Various elements later found in Hsien Taoism are referred to – often derogatorily. A sorcerer, Wu, is elaborately derided. One passage which describes the practice of breath control and gymnastics has often been cited as showing that the Chuang Tzu advocates such exercises. But in fact, this passage says that these are the pursuits of those who are merely “avid for longevity”; the enlightened man, it avers, does not bother with such practices, but regards death calmly, as a natural event. Already in the Chuang Tzu we see the conflict between the immortality cult and Taoist philosophy.

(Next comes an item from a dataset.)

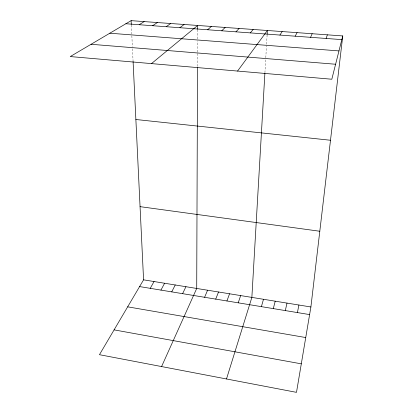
<?xml version="1.0" encoding="UTF-8"?>
<svg xmlns="http://www.w3.org/2000/svg" width="413" height="413" viewBox="0 0 413 413"><rect width="100%" height="100%" fill="white"/><g stroke="black" fill="none" stroke-linecap="round" stroke-linejoin="round"><path stroke-width="0.31" stroke-dasharray="2.06 1.55" d="M197.517 66.39L197.564 53.411M197.569 52.177L197.61 40.846M197.615 38.956L197.646 29.958M264.919 72.76L265.683 59.611M265.791 57.732L266.462 46.184M266.576 44.258L267.118 34.873M131.334 25.064L131.757 33.897M131.85 35.75L132.382 46.87M132.475 48.78L133.053 60.83"/><path stroke-width="0.62" d="M197.512 67.66L196.717 288.46L161.581 366.563M197.651 29.318L197.662 25.456L151.478 63.607M264.883 73.375L251.863 297.401L226.494 378.969M267.154 34.248L267.376 30.495L237.563 71.067M133.084 61.454L143.574 279.838L99.461 354.69L296.493 392.35L310.896 306.973L342.759 35.941L131.122 20.65L70.241 56.566L331.815 79.234L342.759 35.941M297.412 312.579L298.904 305.026M285.316 310.586L287.004 303.101M273.313 308.609L275.197 301.185M261.403 306.647L263.484 299.286M238.213 302.827L240.665 295.584M326.115 38.461L327.38 34.831M226.923 300.969L229.556 293.782M215.72 299.12L218.529 291.996M204.6 297.288L207.584 290.22M310.561 37.32L312.156 33.732M182.608 293.669L185.933 286.71M171.736 291.877L175.226 284.975M160.946 290.096L164.596 283.251M295.161 36.189L297.081 32.642M150.234 288.336L154.049 281.537M279.921 35.069L282.151 31.564M250.33 32.895L253.169 29.468M235.968 31.837L239.096 28.451M221.74 30.794L225.157 27.444M207.651 29.757L211.348 26.447M179.877 27.717L184.11 24.481M166.186 26.711L170.677 23.51M152.619 25.714L157.374 22.545M139.181 24.728L144.189 21.595M125.872 23.747L341.83 39.617M109.827 33.216L338.975 50.913M91.072 44.279L335.604 64.247M135.872 119.502L330.493 140.255M140.059 206.65L319.796 231.249M143.574 279.838L310.896 306.973M139.599 286.581L309.611 314.587M127.669 306.833L305.739 337.55M114.086 329.868L301.304 363.838M131.122 20.65L131.303 24.434"/></g></svg>

What, then, is “Taoism”? Clearly, the term has been used to embrace the most diverse doctrines. They may be grouped, in the most general way, under two headings. On the one hand we have philosophic Taoism, a philosophy saying much that is still pertinent even in this day of great sophistication and scientific complexity. This philosophy has not always been studied with the seriousness it deserves, in part because it has often been regarded as a system of mystical incomprehensibilities. Another part of the reason is that it has sometimes been confused with the other kind of Taoism, which I suggest should be known as Hsien Taoism. The doctrines that fall under this heading, aiming at the achievement of immortality by a variety of means, have their roots in ancient Chinese magical practices and an immortality cult. Hsien Taoism also incorporates elements from Confucianism, Moism and Buddhism. But there is one element that we might expect to find which is completely absent from Hsien Taoism. That is the central insight of philosophical Taoism.